Chaque carnet est prétexte à la découverte et à l’apprentissage : en étudiant les pays traversés, en calculant le nombre de kilomètres parcourus, en cuisinant une recette, en écrivant une lettre au voyageur. Les enfants reçoivent les récits hebdomadaires et peuvent directement poser des questions à leurs voyageurs qui y répondent pour la séance suivante.
Le rôle des animateurs
Les animateurs, polytechniciens ou issus d’autres formations, se rendent dans les établissements partenaires pour faire le lien entre les voyageurs et les enfants. Ils sont les véritables messagers du voyageur sur le terrain. Ils traversent la France et les huit délégations régionales de l’association pour découvrir les récits de voyage, distribuer la parole, imaginer des activités annexes. Bref : créer, inventer, renouveler et surprendre les enfants et leur redonner l’envie d’apprendre et de découvrir.
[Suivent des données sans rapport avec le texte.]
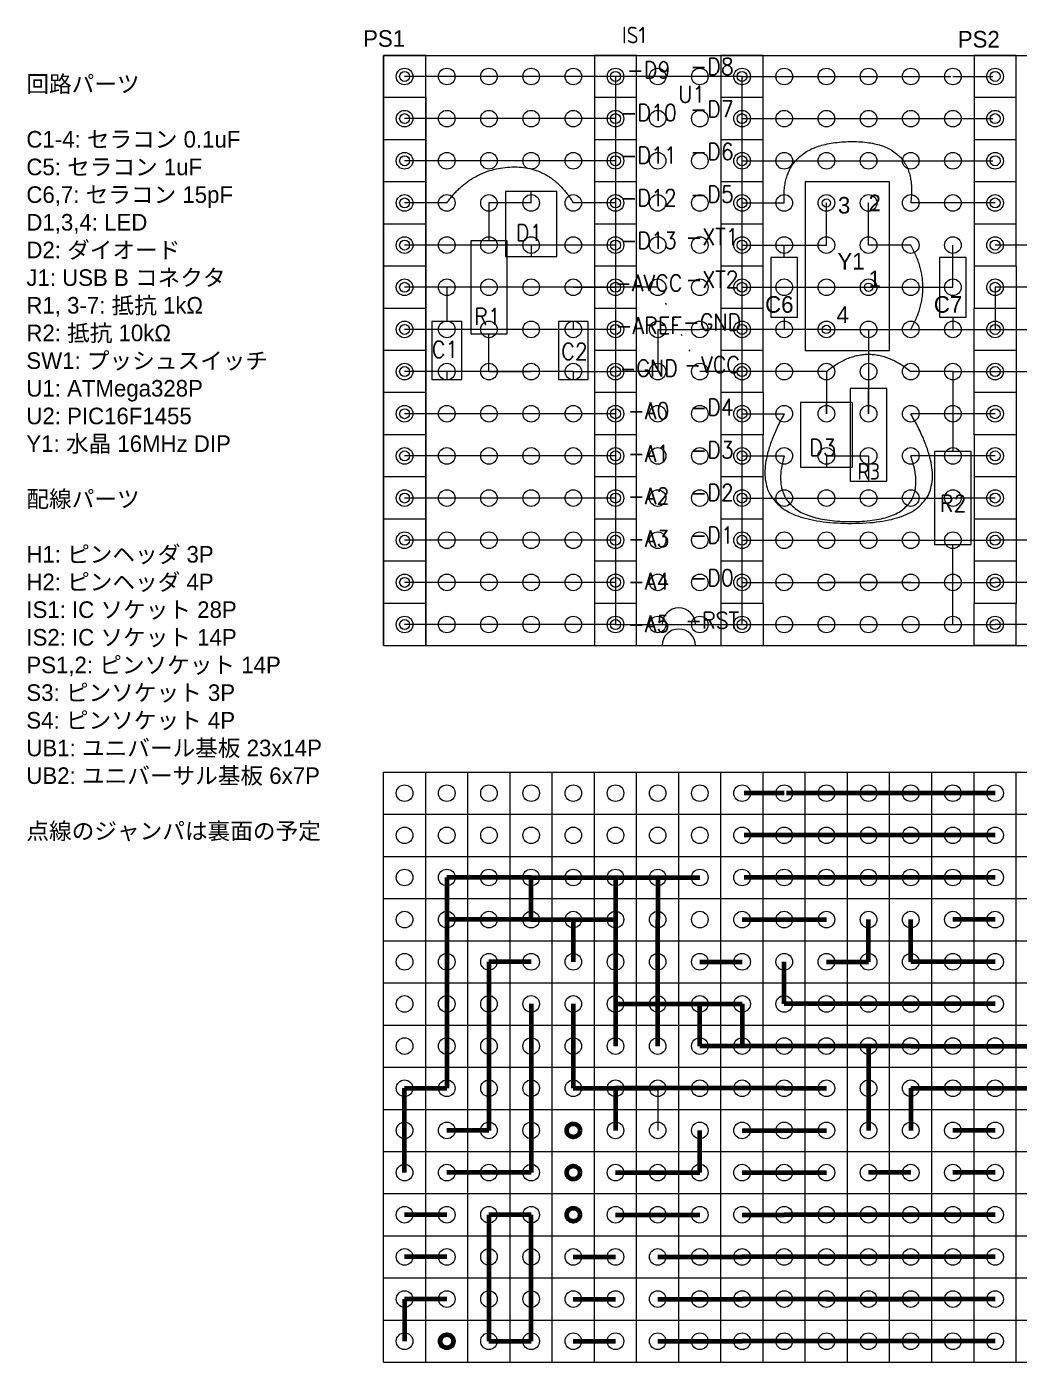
# Model space of a CAD drawing. Extents: x -61.5 to 38.3, y -5.9 to 74.6.
# Drawn here: x -61.5 to -1.7, y -5.9 to 74.6 of the extents above; entities that cross this region are included whole.
import ezdxf

# ---------------------------------------------------------------- set-up
doc = ezdxf.new("R2010")
doc.units = 0
doc.linetypes.add('DOTTINY', pattern=[0.9525, 0, -0.9525])
doc.layers.get('0').update_dxf_attribs({"linetype": 'CONTINUOUS', "lineweight": 9})
for name, color, linetype, lineweight in [('0_GND', 7, 'CONTINUOUS', 15), ('0_wire', 3, 'CONTINUOUS', 15), ('5V line', 1, 'CONTINUOUS', 15), ('condenser', 5, 'CONTINUOUS', 15), ('diode', 6, 'CONTINUOUS', 15)]:
    doc.layers.add(name, color=color, linetype=linetype, lineweight=lineweight)
for name, color, linetype, lineweight, true_color in [('3.3V line', 40, 'CONTINUOUS', 15, 0xffaa00), ('crystal', 96, 'CONTINUOUS', 15, 0x008000), ('micon', 216, 'CONTINUOUS', 15, 0x800080), ('resister', 132, 'CONTINUOUS', 15, 0x00dede), ('socket_header', 56, 'CONTINUOUS', 15, 0x808000), ('universal_board', 253, 'CONTINUOUS', 15, 0xa0a0a4)]:
    doc.layers.add(name, color=color, linetype=linetype, lineweight=lineweight, true_color=true_color)
doc.styles.add('azomix', font='azomix')
doc.styles.add('iso', font='iso')
doc.styles.get("Standard").update_dxf_attribs({"font": 'STANDARD'})
doc.styles.add('unicode', font='unicode')

msp = doc.modelspace()

# ---------------------------------------------------------------- linework, layer by layer
at = {"layer": '0_GND'}
for p, q in [((-10.8, 61.4), (-10.8, 63.94)), ((-8.26, 61.4), (-10.8, 61.4)), ((-3.18, 58.86), (-3.18, 56.32)), ((4.44, 58.86), (-3.18, 58.86)), ((-23.5, 56.32), (-20.96, 56.32)), ((-23.5, 56.32), (-23.5, 53.78)), ((-15.88, 56.32), (-20.96, 56.32)), ((-13.34, 56.32), (-15.88, 56.32)), ((-13.34, 56.32), (-3.18, 56.32)), ((-10.8, 56.32), (-10.8, 53.78)), ((-3.18, 56.32), (-0.64, 56.32)), ((-31.12, 53.78), (-38.74, 53.78)), ((-33.66, 53.78), (-31.12, 53.78)), ((-28.58, 53.78), (-31.12, 53.78)), ((-28.58, 53.78), (-26.04, 53.78)), ((-23.5, 53.78), (-26.04, 53.78)), ((-10.8, 53.78), (-10.8, 51.24))]:
    msp.add_line(p, q, dxfattribs=at)
at = {"layer": '0_GND', "lineweight": 200}
for p, q in [((-36.2, 23.3), (-36.2, 20.76)), ((-31.12, 23.3), (-36.2, 23.3)), ((-31.12, 20.76), (-31.12, 23.3)), ((-31.12, 23.3), (-26.04, 23.3)), ((-26.04, 23.3), (-26.04, 20.76)), ((-26.04, 23.3), (-23.5, 23.3)), ((-23.5, 23.3), (-23.5, 20.76)), ((-23.5, 23.3), (-20.96, 23.3)), ((-36.2, 20.76), (-36.2, 18.22)), ((-31.12, 20.76), (-36.2, 20.76)), ((-31.12, 20.76), (-26.04, 20.76)), ((-28.58, 20.76), (-28.58, 18.22)), ((-26.04, 20.76), (-26.04, 18.22)), ((-23.5, 15.68), (-23.5, 20.76)), ((-10.8, 18.22), (-10.8, 20.76)), ((-36.2, 18.22), (-36.2, 10.6)), ((-26.04, 18.22), (-26.04, 15.68)), ((-13.34, 18.22), (-10.8, 18.22)), ((-26.04, 15.68), (-18.42, 15.68)), ((-26.04, 15.68), (-23.5, 15.68)), ((-26.04, 15.68), (-26.04, 13.14)), ((-23.5, 13.14), (-23.5, 15.68)), ((-20.96, 13.14), (-20.96, 15.68)), ((-18.42, 15.68), (-18.42, 13.14)), ((-18.42, 13.14), (-20.96, 13.14)), ((-8.26, 13.14), (-18.42, 13.14)), ((-10.8, 13.14), (-10.8, 10.6)), ((-8.26, 13.14), (-5.72, 13.14)), ((-5.72, 13.14), (-0.64, 13.14)), ((-38.74, 5.52), (-38.74, 10.6)), ((-38.74, 10.6), (-36.2, 10.6)), ((-10.8, 10.6), (-10.8, 8.06)), ((-33.66, 2.98), (-33.66, -4.64)), ((-31.12, 2.98), (-33.66, 2.98)), ((-31.12, -4.64), (-31.12, 2.98)), ((-33.66, -4.64), (-31.12, -4.64))]:
    msp.add_line(p, q, dxfattribs=at)
at = {"layer": '0_wire'}
for p, q in [((-26.04, 71.56), (-38.74, 71.56)), ((-18.42, 71.56), (-5.85, 71.56)), ((-5.72, 71.56), (-3.31, 71.56)), ((-26.04, 69.02), (-38.74, 69.02)), ((-18.42, 69.02), (-5.72, 69.02)), ((-5.72, 69.02), (-3.31, 69.02)), ((-26.04, 66.48), (-38.74, 66.48)), ((-18.42, 66.48), (-5.72, 66.48)), ((-5.72, 66.48), (-3.31, 66.48)), ((-36.2, 63.94), (-38.74, 63.94)), ((-31.12, 63.94), (-33.66, 63.94)), ((-26.04, 63.94), (-28.58, 63.94)), ((-18.42, 63.94), (-15.88, 63.94)), ((-13.34, 61.4), (-13.34, 63.94)), ((-3.18, 63.94), (-8.26, 63.94)), ((-26.04, 61.4), (-38.74, 61.4)), ((-18.42, 61.4), (-13.34, 61.4)), ((-5.72, 58.86), (-5.72, 61.4)), ((-18.42, 58.86), (-8.26, 58.86)), ((-8.26, 58.86), (-5.72, 58.86)), ((-26.04, 56.32), (-38.74, 56.32)), ((-26.04, 51.24), (-38.74, 51.24)), ((-18.42, 51.24), (-15.88, 51.24)), ((-5.72, 51.24), (-8.26, 51.24)), ((-3.18, 51.24), (-5.72, 51.24)), ((-26.04, 48.7), (-38.74, 48.7)), ((-18.42, 48.7), (-15.88, 48.7)), ((-13.34, 48.7), (-10.8, 48.7)), ((-5.72, 48.7), (-8.26, 48.7)), ((-3.18, 48.7), (-5.72, 48.7)), ((-26.04, 46.16), (-38.74, 46.16)), ((-18.42, 46.16), (-15.88, 46.16)), ((-15.88, 46.16), (-5.72, 46.16)), ((-3.18, 46.16), (-5.72, 46.16)), ((-26.04, 43.62), (-38.74, 43.62)), ((-18.42, 43.62), (-3.18, 43.62)), ((-15.88, 43.62), (-13.34, 43.62)), ((1.9, 43.62), (-3.18, 43.62)), ((-26.04, 41.08), (-38.74, 41.08)), ((-18.42, 41.08), (-3.18, 41.08)), ((-10.8, 41.08), (-13.34, 41.08)), ((-8.26, 41.08), (-10.8, 41.08)), ((1.9, 41.08), (-3.18, 41.08)), ((-26.04, 38.54), (-38.74, 38.54)), ((-18.42, 38.54), (-3.18, 38.54)), ((-13.34, 38.54), (-10.8, 38.54)), ((-0.64, 38.54), (-3.18, 38.54))]:
    msp.add_line(p, q, dxfattribs=at)
at = {"layer": '0_wire', "lineweight": 200}
for p, q in [((-15.88, 28.38), (-18.29, 28.38)), ((-3.18, 28.38), (-15.75, 28.38)), ((-15.88, 25.84), (-18.29, 25.84)), ((-3.18, 25.84), (-15.88, 25.84)), ((-15.88, 23.3), (-18.29, 23.3)), ((-3.18, 23.3), (-15.88, 23.3)), ((-18.42, 20.76), (-13.34, 20.76)), ((-8.26, 18.22), (-8.26, 20.76)), ((-3.18, 20.76), (-5.72, 20.76)), ((-31.12, 18.22), (-33.66, 18.22)), ((-33.66, 18.22), (-33.66, 8.06)), ((-15.88, 15.68), (-15.88, 18.22)), ((-3.18, 18.22), (-8.26, 18.22)), ((-31.12, 15.68), (-31.12, 5.52)), ((-13.34, 15.68), (-15.88, 15.68)), ((-3.18, 15.68), (-13.34, 15.68)), ((-33.66, 8.06), (-36.2, 8.06)), ((-18.42, 8.06), (-15.88, 8.06)), ((-15.88, 8.06), (-13.34, 8.06)), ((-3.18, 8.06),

Une association en constante évolution
Depuis sa création il y a trente-sept ans, l’association ne s’est jamais reposée sur un modèle de fonctionnement acquis et immuable. Au contraire, elle a toujours cherché à s’adapter aux besoins d’une société en constante évolution et elle questionne en permanence son sens, sa population cible, les outils utilisés ou son périmètre d’intervention.
En particulier, elle a fondé son développement sur l’observation de ses bénéficiaires et sur l’adaptation la plus fine et la plus souple possible à leurs besoins. Sa longue expérience lui offre ainsi suffisamment de recul pour observer plusieurs évolutions. Celles-ci constituent des défis à relever dans les toutes prochaines années pour une amélioration continue et active de sa méthode pédagogique : l’adaptation au raccourcissement des séjours hospitaliers, l’accompagnement des enfants souffrants de troubles dys (troubles d’apprentissages cognitifs) dont le nombre croît d’année en année, et la communication avec les enfants atteints de grands handicaps.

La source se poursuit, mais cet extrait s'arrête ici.